The night began with another of Hammer and Tongue’s prolific poetry slams. Poets aligned themselves on stage and boldly blurted out humorous tales of everyday anxieties and anguish. Poetry slam devotee AP Staunton was crowned as king, although a special mention should go to Daniel Searle, whose cutthroat wordplay made many of us tear-up with laughter.
Overall judge of the BHAC open poetry competition was Dr Jess Moriarty, Course Leader of English Literature and Creative Writing at the University of Brighton. “You’re all winners tonight,” she announced while describing all those who contributed as “genuine activists and artists whose submissions both provoked and inspired.”
From haikus to sonnets, the competition received over 600 submissions and was the third poetry festival the Brighton Arts Council has so far organised. Entries served as a tender reminder of the familiar pains and joys experienced through life. Words of anger, frustration, joy and sorrow spilled from the mouths of the contenders. The festival’s 1st place position and grand prize of £1000 was awarded to Liz Fincham for her shrewdly penned ’Brexit Blue’ – a brooding reflection on last year’s referendum result.
Attila The Stockbroker was next to take centre stage, and humbled us with rugged charm and poetry that was ferociously bittersweet. Telling tales of his love affair with the NHS, his uncertainties faced from a diagnosis of cancer and a melodic ode to Jeremy Corbyn entitled ‘The Man With The Beard’ – it was a performance that would have been hard for many to outshine.
Carol Ann Duffy, however, undeniably stole the limelight. Accompanied by musician and all-round prankster John Sampson, she spoke of politics, poverty, education and war, her prose offering dips and dives from dark and dreary landscapes to hope and optimism towards the future.

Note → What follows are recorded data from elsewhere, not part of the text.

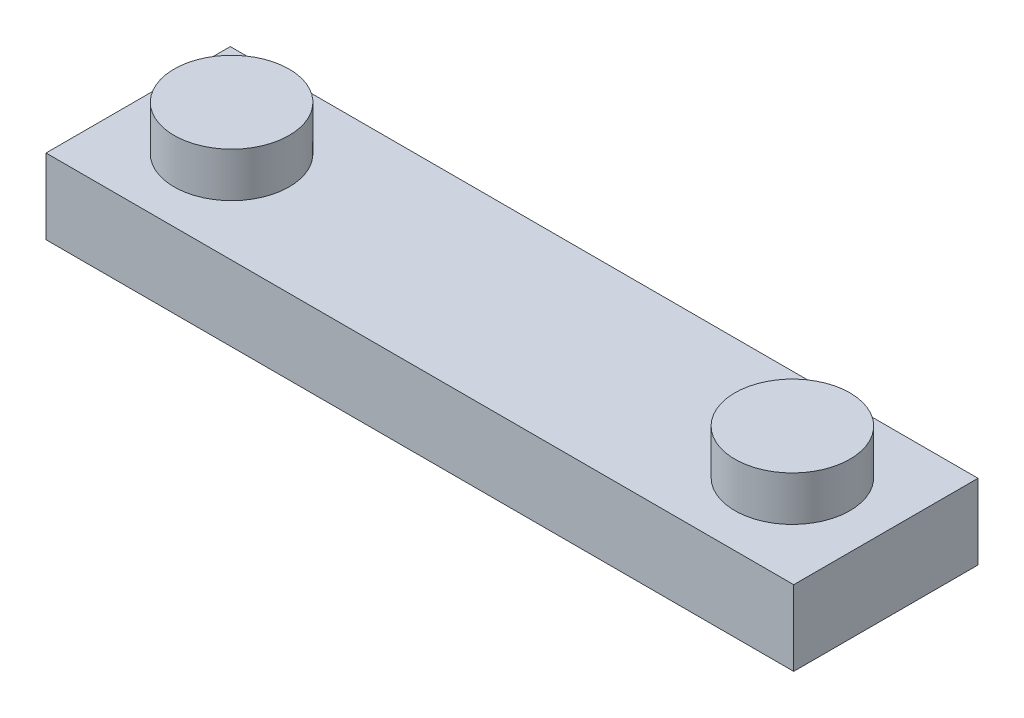
SolidWorks part; units mm, degrees
ref_plane "Front Plane" through (0, 0, 0) normal (0, 0, 1) x (1, 0, 0)
ref_plane "Top Plane" through (0, 0, 0) normal (0, 1, 0) x (1, 0, 0)
ref_plane "Right Plane" through (0, 0, 0) normal (1, 0, 0) x (0, 0, -1)
sketch "Sketch1" plane through (0, 0, 0) normal (0, 1, 0) x (1, 0, 0)
  line L1 (-15.925, 3.925) -> (15.925, 3.925)
  line L2 (-15.925, 3.925) -> (-15.925, -3.925)
  line L3 (-15.925, -3.925) -> (15.925, -3.925)
  line L4 (15.925, 3.925) -> (15.925, -3.925)
  line L5 (-15.925, 3.925) -> (15.925, -3.925) construction
  line L6 (-15.925, -3.925) -> (15.925, 3.925) construction
  point P0 (0, 0)
  dimension "D1" = 31.85
  dimension "D2" = 7.85
extrude "Boss-Extrude1" add sketch "Sketch1" against normal blind 3.2
sketch "Sketch2" plane through (0, 0, 0) normal (0, 1, 0) x (1, 0, 0)
  line L1 (-15.925, 3.925) -> (-15.925, -3.925) construction
  line L2 (15.925, -3.925) -> (15.925, 3.925) construction
  line L3 (15.925, 3.925) -> (-15.925, 3.925) construction
  circle A0 centre (11.9437, 0) radius 2.45
  circle A1 centre (-11.9438, 0) radius 2.45
  dimension "D1" = 4.9
  dimension "D2" = 4.9
  dimension "D3" = 3.9813
  dimension "D4" = 3.9813
  dimension "D5" = 3.925
  dimension "D6" = 3.925
extrude "Boss-Extrude2" add sketch "Sketch2" along normal blind 1.9
shell "Shell1" thickness 1.5
sketch "Sketch3" plane through (0, -1.5, 0) normal (0, -1, 0) x (1, 0, 0)
  line L1 (-15.925, -3.925) -> (-15.925, 3.925) construction
  line L2 (15.925, 3.925) -> (15.925, -3.925) construction
  line L3 (-15.925, 3.925) -> (15.925, 3.925) construction
  circle A0 centre (-7.9625, 0) radius 1.5
  circle A1 centre (-7.9625, 0) radius 0.53
  circle A2 centre (0, 0) radius 1.5
  circle A3 centre (0, 0) radius 0.53
  circle A4 centre (7.9625, 0) radius 1.5
  circle A5 centre (7.9625, 0) radius 0.53
  dimension "D1" = 3
  dimension "D2" = 1.06
  dimension "D3" = 7.9625
  dimension "D4" = 7.9625
  dimension "D5" = 3.925
  dimension "D6" = 3.925
extrude "Boss-Extrude3" add sketch "Sketch3" along normal offset from surface (1.5 mm away) 0.2 up to face at (0, -3.2, 0)
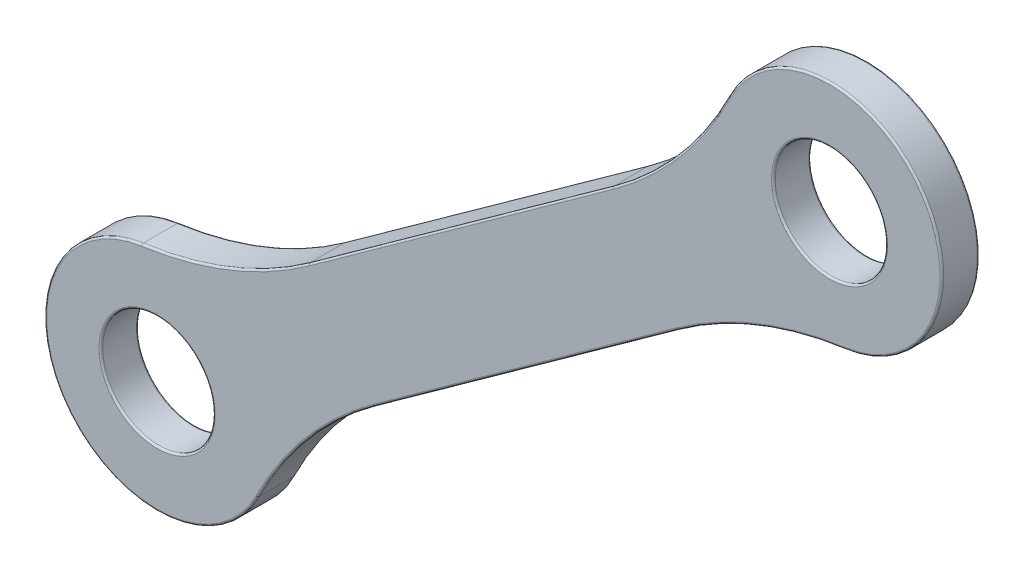
SolidWorks part; units mm, degrees
material "Plain Carbon Steel"
ref_plane "Front Plane" through (0, 0, 0) normal (0, 0, 1) x (1, 0, 0)
ref_plane "Top Plane" through (0, 0, 0) normal (0, 1, 0) x (1, 0, 0)
ref_plane "Right Plane" through (0, 0, 0) normal (1, 0, 0) x (0, 0, -1)
sketch "Sketch1" plane through (0, 0, 0) normal (0, 0, 1) x (1, 0, 0)
  line L0 (16.9307, 91.8876) -> (70.775, 130.5624) construction
  line L1 (16.9307, 91.8876) -> (70.775, 130.5624) construction
  line L2 (16.9307, 91.8876) -> (70.775, 130.5624) construction
  line L3 (14.3055, 95.5425) -> (68.1498, 134.2173)
  line L4 (19.5559, 88.2327) -> (73.4002, 126.9075)
  circle A0 centre (16.9307, 91.8876) radius 9
  circle A1 centre (70.775, 130.5624) radius 9
  arc A2 (14.3055, 95.5425) -> (19.5559, 88.2327) centre (16.9307, 91.8876) ccw
  arc A3 (73.4002, 126.9075) -> (68.1498, 134.2173) centre (70.775, 130.5624) ccw
  arc A4 (68.1498, 134.2173) -> (73.4002, 126.9075) centre (70.775, 130.5624) ccw
  arc A5 (14.3055, 95.5425) -> (19.5559, 88.2327) centre (16.9307, 91.8876) cw
  point P5 (43.8529, 111.225)
  dimension "D1" = 18
  dimension "D2" = 9
extrude "Boss-Extrude1" add sketch "Sketch1" along normal blind 3 contours A3 L4 A1 L3 | A1 L3 A0 L4 | A2 L3 A0 L4 | L3 A5 L4 A0 | A4 L3 A1 L4
fillet "Fillet1" radius 30 4 edges at (20.636, 100.0894, 1.5) (25.8864, 92.7797, 1.5) (67.0698, 122.3605, 1.5) (61.8194, 129.6703, 1.5)
fillet "Fillet2" radius 0.15 20 edges at (21.4307, 91.8876, 3) (21.4307, 91.8876, 0) (75.275, 130.5624, 3) (75.275, 130.5624, 0) (28.9868, 93.9253, 3) (28.9868, 93.9253, 0) (46.4781, 107.5701, 3) (46.4781, 107.5701, 0) (64.994, 119.7882, 3) (64.994, 119.7882, 0) (78.0848, 135.8128, 3) (78.0848, 135.8128, 0) (58.7189, 128.5246, 3) (58.7189, 128.5246, 0) (41.2277, 114.8799, 0) (41.2277, 114.8799, 3) (22.7117, 102.6617, 3) (22.7117, 102.6617, 0) (9.6209, 86.6371, 3) (9.6209, 86.6371, 0)
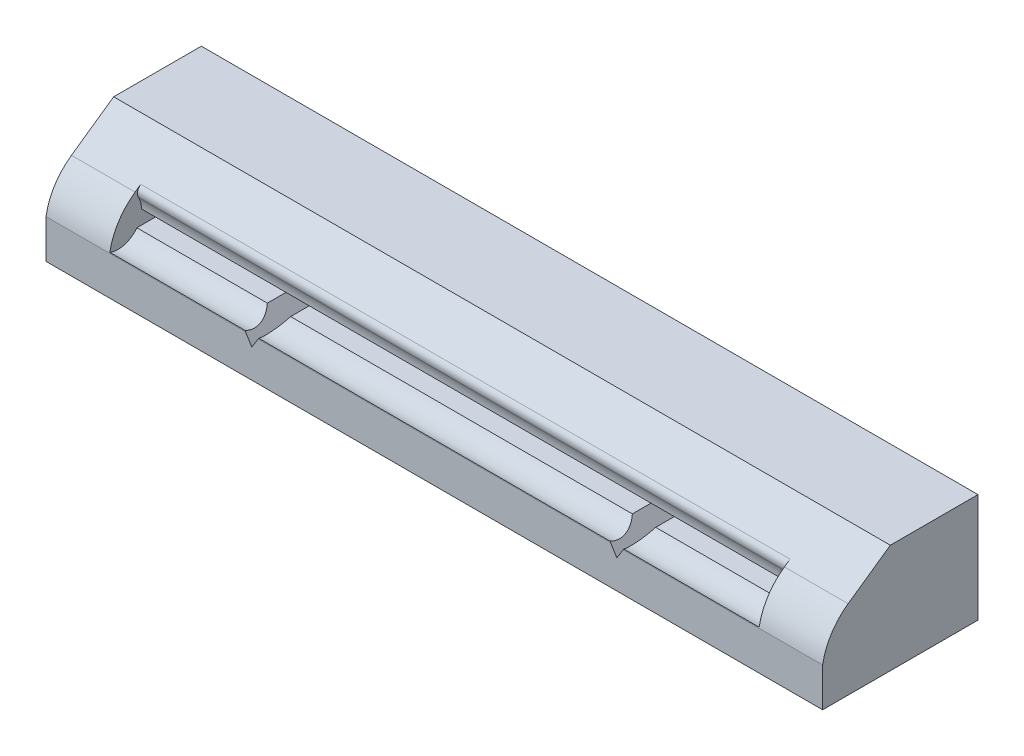
SolidWorks part; units mm, degrees
material "Сосна"
ref_plane "Front" through (0, 0, 0) normal (0, 0, 1) x (1, 0, 0)
ref_plane "Top" through (0, 0, 0) normal (0, 1, 0) x (1, 0, 0)
ref_plane "Right" through (0, 0, 0) normal (1, 0, 0) x (0, 0, -1)
sketch "Эскиз1" plane through (0, 66.7543, 0) normal (0, 0, 1) x (-1, 0, 0)
  line L1 (25, 63.2543) -> (-25, 70.2543) construction
  line L31 (-25, 63.2543) -> (25, 63.2543)
  line L32 (-25, 63.2543) -> (-25, 70.2543)
  line L33 (-25, 70.2543) -> (25, 70.2543)
  line L34 (25, 63.2543) -> (25, 70.2543)
  line L35 (-25, 63.2543) -> (25, 70.2543) construction
  point P12 (0, 66.7543)
  point P22 (0, 66.7543)
  point P26 (0, 66.7543)
  dimension "D1" = 7
  dimension "D2" = 50
extrude "Бобышка-Вытянуть1" add sketch "Эскиз1" along normal blind 10
sketch "Эскиз3" plane through (0, 0, 10) normal (0, 0, 1) x (1, 0, 0)
  line L0 (0, -3.5) -> (0, 3.5) construction
  line L1 (-25, -3.5) -> (25, -3.5) construction
  line L2 (25, 3.5) -> (-25, 3.5) construction
  point P6 (0, 0)
sketch "Эскиз4" plane through (0, 66.7543, 10) normal (0, 0, 1) x (-1, 0, 0)
  line L0 (0, 66.3043) -> (0, 67.2043) construction
  line L1 (-20.9, 67.2043) -> (-12.5, 67.2043)
  line L4 (-20.9, 67.2043) -> (-20.9, 66.3043)
  line L5 (-20.9, 66.3043) -> (20.9, 66.3043)
  line L6 (20.9, 67.2043) -> (20.9, 66.3043)
  line L7 (-20.9, 67.2043) -> (20.9, 66.3043) construction
  line L8 (-20.9, 66.3043) -> (20.9, 67.2043) construction
  line L22 (20.9, 67.2043) -> (-20.9, 67.2043) construction
  line L23 (-12.5, 67.2043) -> (-11.75, 68.4043)
  line L24 (-11.75, 68.4043) -> (-11, 67.2043)
  line L25 (-11, 67.2043) -> (11, 67.2043)
  line L26 (11, 67.2043) -> (11.75, 68.4043)
  line L27 (11.75, 68.4043) -> (12.5, 67.2043)
  line L28 (12.5, 67.2043) -> (20.9, 67.2043)
  point P2 (0, 67.2043)
  point P6 (0, 66.7543)
  point P11 (-1.7814, 65.8788)
  dimension "D1" = 41.8
  dimension "D2" = 0.9
  dimension "D3" = 1.5
  dimension "D5" = 1.2
  dimension "D6" = 23.5
extrude "Вырез-Вытянуть2" cut sketch "Эскиз4" against normal blind 7.5
chamfer "Фаска2" distance 0.6 angle 80 4 edges at (11.375, -1.05, 2.5) (12.125, -1.05, 2.5) (-12.125, -1.05, 2.5) (-11.375, -1.05, 2.5)
sketch "Эскиз5" plane through (0, 0, 0) normal (1, 0, 0) x (0, 0, -1)
  line L3 (-10, -1) -> (-10, 3.5)
  line L6 (-10, 3.5) -> (-5.6441, 3.5)
  line L7 (-5.6441, 3.5) -> (-8.3617, 1.5972)
  line L8 (-8.3617, 1.5972) -> (-10, 0.45) construction
  line L10 (-10, 3.5) -> (0, 3.5) construction
  line L11 (-10, -1.65) -> (-10, -0.45) construction
  line L12 (-10, -3.5) -> (-10, 3.5) construction
  arc A1 (-10, -1) -> (-8.3617, 1.5972) centre (-6.085, -1.6543) cw
  point P3 (-10, 0.6443)
  dimension "D2" = 35
  dimension "D1" = 2
  dimension "D3" = 1
extrude "Вырез упор крышки" cut sketch "Эскиз5" against normal through all both and the other way through all
sketch "Эскиз6" plane through (0, 0, 0) normal (1, 0, 0) x (0, 0, -1)
  line L0 (-8.0001, 1.8504) -> (-10.8327, -0.133)
  line L1 (-8.3617, 1.5972) -> (-5.6441, 3.5) construction
  circle A0 centre (-9.4506, 0.45) radius 1.5 construction
  arc A1 (-10.8327, -0.133) -> (-8.1476, 1.1931) centre (-9.4506, 0.45) ccw
  arc A2 (-8.0001, 1.8504) -> (-8.1476, 1.1931) centre (-7.7133, 1.4408) ccw
  dimension "D1" = 3
  dimension "D2" = 0.5
extrude "Вырез под кольцо петли" cut sketch "Эскиз6" against normal up to surface and the other way up to surface up to face at (-20.9, 0.0033, 6.0865) other way up to face at (20.9, 0.0033, 6.0865)

We were treated to renditions of both ‘Last Post’ and ‘No Man’s Land’ before being introduced to the deliciously satirical collection of ‘The World’s Wife’. This told the melancholy tale of the wife of Faust, and Carol Ann Duffy professed to considering renaming the character as Mrs Trump due to recent events that had unfolded in the news.
Long gone are the memories of being sat in a drab and downcast sports hall, despising our GCSE poetry anthology and waiting for the clock to strike half three. Watching a time-honoured heroine of poetry take to the stage and raise a middle finger at Trump was unquestionably a tick off the bucket list.